The Battle of Second Manassas was fought on August 28-30, 1862. This fierce contest between Confederate and Union forces resulted in approximately 22,000 casualties out of a total of around 112,000 men engaged in the fight. Two of the mortally wounded Union soldiers were taken to a field hospital where they succumbed to their wounds. Afterwards, they were placed in a shallow burial pit along with amputated limbs from other soldiers injured in the battle. They would lay undisturbed until 2014 when the National Park Service discovered the pit during a utility project. A journey of exploration then began leading the NPS to partner with the Smithsonian Institution and eventually lead them to Arlington National Cemetery.
Speaker Ray Brown is the Chief of Interpretation and Cultural Resources Management at Manassas National Battlefield Park. Brown has an over 32 year career with the National Park Service which has included working at Fredericksburg, Philadelphia, Petersburg and for the past 28 years at Manassas. Author and historian Don Johnson has this to say of Brown, “Ray has a true understanding of the mission of the National Park Service as exhibited through his deep commitment to the preservation of our nation’s Battlefields. Ray is devoted to providing the public with accurate history and compelling interpretation of the gripping events that occurred on those grounds.”

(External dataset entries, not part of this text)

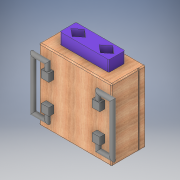
# Autodesk Inventor part: T9 Middle
Saved by Autodesk Inventor 2018 (Build 220112000, 112)
## iProperties
Created: 2018-02-18
Part Number: T9 Middle
Material: Wood (Birch)
Document SubType Name: Modeling
Designer: Blue Mist
Density: 0.55 g/cm^3
Appearance: Birch - Natural Polished
Author: Blue Mist
Autodesk Inventor part; units mm, degrees
ref_plane "YZ Plane" through (0, 0, 0) normal (1, 0, 0) x (0, 1, 0)
ref_plane "XZ Plane" through (0, 0, 0) normal (0, 1, 0) x (-1, 0, 0)
ref_plane "XY Plane" through (0, 0, 0) normal (0, 0, 1) x (1, 0, 0)
sketch "Sketch1" plane through (0, 0, 0) normal (0, 0, 1) x (1, 0, 0)
  line L0 (1.27, 0) -> (80.772, 0)
  line L1 (82.042, 1.27) -> (82.042, 79.375)
  line L2 (80.772, 80.645) -> (1.27, 80.645)
  line L3 (0, 79.375) -> (0, 1.27)
  arc A0 (82.042, 79.375) -> (80.772, 80.645) centre (80.772, 79.375) ccw
  arc A1 (80.772, 0) -> (82.042, 1.27) centre (80.772, 1.27) ccw
  arc A2 (0, 1.27) -> (1.27, 0) centre (1.27, 1.27) ccw
  arc A3 (1.27, 80.645) -> (0, 79.375) centre (1.27, 79.375) ccw
  point P0 (0, 0)
  point P1 (82.042, 80.645)
  point P2 (82.042, 0)
  point P3 (0, 80.645)
  dimension "d0" = 82.042
  dimension "d1" = 80.645
  dimension "d2" = 1.27
  constraints: 8 end point, 8 point on circle, 8 point on line, 8 tangent, 4 centre point, 3 equal radius, 2 parallel, 1 horizontal, 1 perpendicular
  measures "d0" distance of point (0, 80.645) point (82.042, 80.645)
  measures "d1" distance of point (82.042, 80.645) point (82.042, 0)
  measures "d2" radius of A0
extrude "Extrusion1" add sketch "Sketch1" against normal blind 38.5318
sketch "Sketch2" plane through (0, 0, -38.5318) normal (0, 0, -1) x (-1, 0, 0)
  line L0 (-80.772, 0) -> (-1.27, 0) projected
  line L1 (-1.27, 80.645) -> (-80.772, 80.645) projected
  line L2 (0, 1.27) -> (0, 79.375) construction
  line L3 (-82.042, 79.375) -> (-82.042, 1.27) construction
  line L4 (-63.119, 20.8915) -> (-18.923, 20.8915)
  line L5 (-17.653, 22.1615) -> (-17.653, 58.4835)
  line L6 (-18.923, 59.7535) -> (-63.119, 59.7535)
  line L7 (-64.389, 58.4835) -> (-64.389, 22.1615)
  arc A0 (-64.389, 22.1615) -> (-63.119, 20.8915) centre (-63.119, 22.1615) ccw
  arc A1 (-18.923, 20.8915) -> (-17.653, 22.1615) centre (-18.923, 22.1615) ccw
  arc A2 (-17.653, 58.4835) -> (-18.923, 59.7535) centre (-18.923, 58.4835) ccw
  arc A3 (-63.119, 59.7535) -> (-64.389, 58.4835) centre (-63.119, 58.4835) ccw
  point P0 (0, 0)
  point P1 (-64.389, 20.8915)
  point P2 (-17.653, 59.7535)
  dimension "d5" = 80.645
  dimension "d8" = 82.042
  dimension "d9" = 17.653
  dimension "d10" = 20.8915
  dimension "d11" = 20.8915
  dimension "d12" = 17.653
  dimension "d13" = 1.27
  constraints: 8 end point, 8 point on circle, 8 tangent, 4 centre point, 4 point on line, 3 equal radius, 2 parallel, 1 horizontal, 1 perpendicular
  measures "d5" distance between parallel lines of L0 L1
  measures "d8" distance between parallel lines of L2 L3
  measures "d9" distance from line of L3 point (-64.389, 20.892)
  measures "d10" distance from line of L0 point (-64.389, 20.892)
  measures "d11" distance from line of L1 point (-17.653, 59.753)
  measures "d12" distance from line of L2 point (-17.653, 59.753)
  measures "d13" radius of A0
extrude "Extrusion2" cut sketch "Sketch2" against normal blind 29.337
fillet "Fillet1" radius 1.27 16 edges at (81.67, 80.273, -38.5318) (82.042, 40.3225, -38.5318) (81.67, 0.372, -38.5318) (41.021, 0, -38.5318) (0.372, 0.372, -38.5318) (0, 40.3225, -38.5318) (0.372, 80.273, -38.5318) (41.021, 80.645, -38.5318) (81.67, 0.372, 0) (41.021, 0, 0) (0.372, 0.372, 0) (0, 40.3225, 0) (0.372, 80.273, 0) (41.021, 80.645, 0) (81.67, 80.273, 0) (82.042, 40.3225, 0)
sketch "Sketch3" plane through (0, 0, 0) normal (0, 0, 1) x (1, 0, 0)
  line L0 (1.27, 0) -> (80.772, 0) projected
  line L1 (0, 79.375) -> (0, 1.27) projected
  line L2 (80.772, 80.645) -> (1.27, 80.645) projected
  line L3 (82.042, 1.27) -> (82.042, 79.375) projected
  line L4 (74.168, 19.304) -> (65.532, 19.304)
  line L5 (65.532, 19.304) -> (65.532, 27.94)
  line L6 (65.532, 27.94) -> (74.168, 27.94)
  line L7 (74.168, 27.94) -> (74.168, 19.304)
  line L8 (74.168, 61.341) -> (65.532, 61.341)
  line L9 (65.532, 61.341) -> (65.532, 52.705)
  line L10 (65.532, 52.705) -> (74.168, 52.705)
  line L11 (74.168, 52.705) -> (74.168, 61.341)
  line L12 (7.874, 61.341) -> (16.51, 61.341)
  line L13 (16.51, 61.341) -> (16.51, 52.705)
  line L14 (16.51, 52.705) -> (7.874, 52.705)
  line L15 (7.874, 52.705) -> (7.874, 61.341)
  line L16 (7.874, 19.304) -> (16.51, 19.304)
  line L17 (16.51, 19.304) -> (16.51, 27.94)
  line L18 (16.51, 27.94) -> (7.874, 27.94)
  line L19 (7.874, 27.94) -> (7.874, 19.304)
  point P0 (0, 0)
  dimension "d26" = 7.874
  dimension "d27" = 7.874
  dimension "d28" = 7.874
  dimension "d29" = 7.874
  dimension "d30" = 19.304
  dimension "d31" = 19.304
  dimension "d32" = 19.304
  dimension "d33" = 19.304
  dimension "d34" = 8.636
  dimension "d35" = 8.636
  dimension "d36" = 8.636
  dimension "d37" = 8.636
  dimension "d38" = 8.636
  constraints: 32 end point, 8 parallel, 4 horizontal, 4 perpendicular, 3 point on line
  measures "d26" distance from line of L1 L16.start
  measures "d27" distance from line of L1 L12.start
  measures "d28" distance from line of L3 L4.start
  measures "d29" distance from line of L3 L8.start
  measures "d30" distance from line of L2 L8.start
  measures "d31" distance from line of L2 L12.start
  measures "d32" distance from line of L0 L16.start
  measures "d33" distance from line of L0 L4.start
  measures "d34" distance of L5.end L6.end
  measures "d35" distance of L4.end L5.end
  measures "d36" distance of L10.end L9.end
  measures "d37" distance of L9.end L8.end
  measures "d38" distance of L13.end L14.end
extrude "Extrusion3" add sketch "Sketch3" along normal blind 5.461
sketch "Sketch4" plane through (65.532, 61.341, 0) normal (0, 1, 0) x (1, 0, 0)
  line L0 (0, 0) -> (0, -5.461) construction
  line L1 (0, -5.461) -> (8.636, -5.461) construction
  line L2 (8.636, -5.461) -> (0, 0) construction
  line L3 (0, -5.461) -> (8.636, 0) construction
  line L4 (8.636, 0) -> (-49.022, 0) construction
  line L5 (8.636, 0) -> (0, 0) construction
  line L6 (-57.658, 0) -> (-57.658, -5.461) construction
  line L7 (-49.022, 0) -> (-57.658, -5.461) construction
  line L8 (-57.658, -5.461) -> (-49.022, -5.461) construction
  line L9 (-49.022, -5.461) -> (-57.658, 0) construction
  line L10 (-53.34, -2.7305) -> (-53.34, -5.207) construction
  line L11 (-53.34, -5.207) -> (-55.8165, -5.207) construction
  line L12 (-55.8165, -5.207) -> (-50.8635, -5.207)
  line L13 (-50.8635, -5.207) -> (-50.8635, -0.254)
  line L14 (-50.8635, -0.254) -> (-55.8165, -0.254)
  line L15 (-55.8165, -0.254) -> (-55.8165, -5.207)
  line L16 (4.318, -2.7305) -> (4.318, -5.207) construction
  line L17 (4.318, -5.207) -> (1.8415, -5.207) construction
  line L18 (1.8415, -5.207) -> (6.7945, -5.207)
  line L19 (6.7945, -5.207) -> (6.7945, -0.254)
  line L20 (6.7945, -0.254) -> (1.8415, -0.254)
  line L21 (1.8415, -0.254) -> (1.8415, -5.207)
  point P0 (-65.532, 0)
  point P1 (-51.618, -2.9559)
  dimension "d42" = 2.4765
  dimension "d43" = 2.4765
  dimension "d44" = 4.953
  dimension "d45" = 4.953
  dimension "d46" = 2.4765
  dimension "d47" = 2.4765
  dimension "d48" = 4.953
  dimension "d49" = 4.953
  constraints: 36 end point, 6 parallel, 5 perpendicular, 2 horizontal, 2 midpoint, 2 vertical, 1 collinear
  measures "d42" distance of L10.start L10.end
  measures "d43" distance of L10.end L11.end
  measures "d44" distance of L14.end L13.end
  measures "d45" distance of L13.end L12.end
  measures "d46" distance of L16.start L16.end
  measures "d47" distance of L16.end L17.end
  measures "d48" distance of L20.end L19.end
  measures "d49" distance of L19.end L18.end
extrude "Extrusion4" add sketch "Sketch4" along normal blind 10.0965
sketch "Sketch5" plane through (65.532, 19.304, 0) normal (0, -1, 0) x (1, 0, 0)
  line L0 (-55.8165, 5.207) -> (-50.8635, 5.207) projected
  line L1 (-50.8635, 5.207) -> (-50.8635, 0.254) projected
  line L2 (-50.8635, 0.254) -> (-55.8165, 0.254) projected
  line L3 (-55.8165, 0.254) -> (-55.8165, 5.207) projected
  line L4 (1.8415, 5.207) -> (6.7945, 5.207) projected
  line L5 (6.7945, 5.207) -> (6.7945, 0.254) projected
  line L6 (6.7945, 0.254) -> (1.8415, 0.254) projected
  line L7 (1.8415, 0.254) -> (1.8415, 5.207) projected
  point P0 (-65.532, 0)
extrude "Extrusion5" add sketch "Sketch5" along normal blind 10.0965
sketch "Sketch6" plane through (9.7155, 9.2075, 0.254) normal (-1, 0, 0) x (0, 0, 1)
  line L0 (0, 0) -> (4.953, 0) projected
  line L1 (4.953, 10.0965) -> (4.953, 0) projected
  line L2 (0, 0) -> (4.953, 0)
  line L3 (4.953, 0) -> (4.953, 4.953)
  line L4 (4.953, 4.953) -> (0, 4.953)
  line L5 (0, 4.953) -> (0, 0)
  line L6 (4.953, 62.23) -> (0, 62.23) projected
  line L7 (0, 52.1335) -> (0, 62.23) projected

The Petersburg Civil War Roundtable (PCWRT) will meet the first Thursday of each month at Pamplin Historical Park and the National Museum of the Civil War Soldier from 7-8 p.m. Annual membership is $40. Individuals who are already members of Pamplin Historical Park can become members of PCWRT for $20. Non-members can attend for $5 each meeting. Call (804) 861-2408 for more information.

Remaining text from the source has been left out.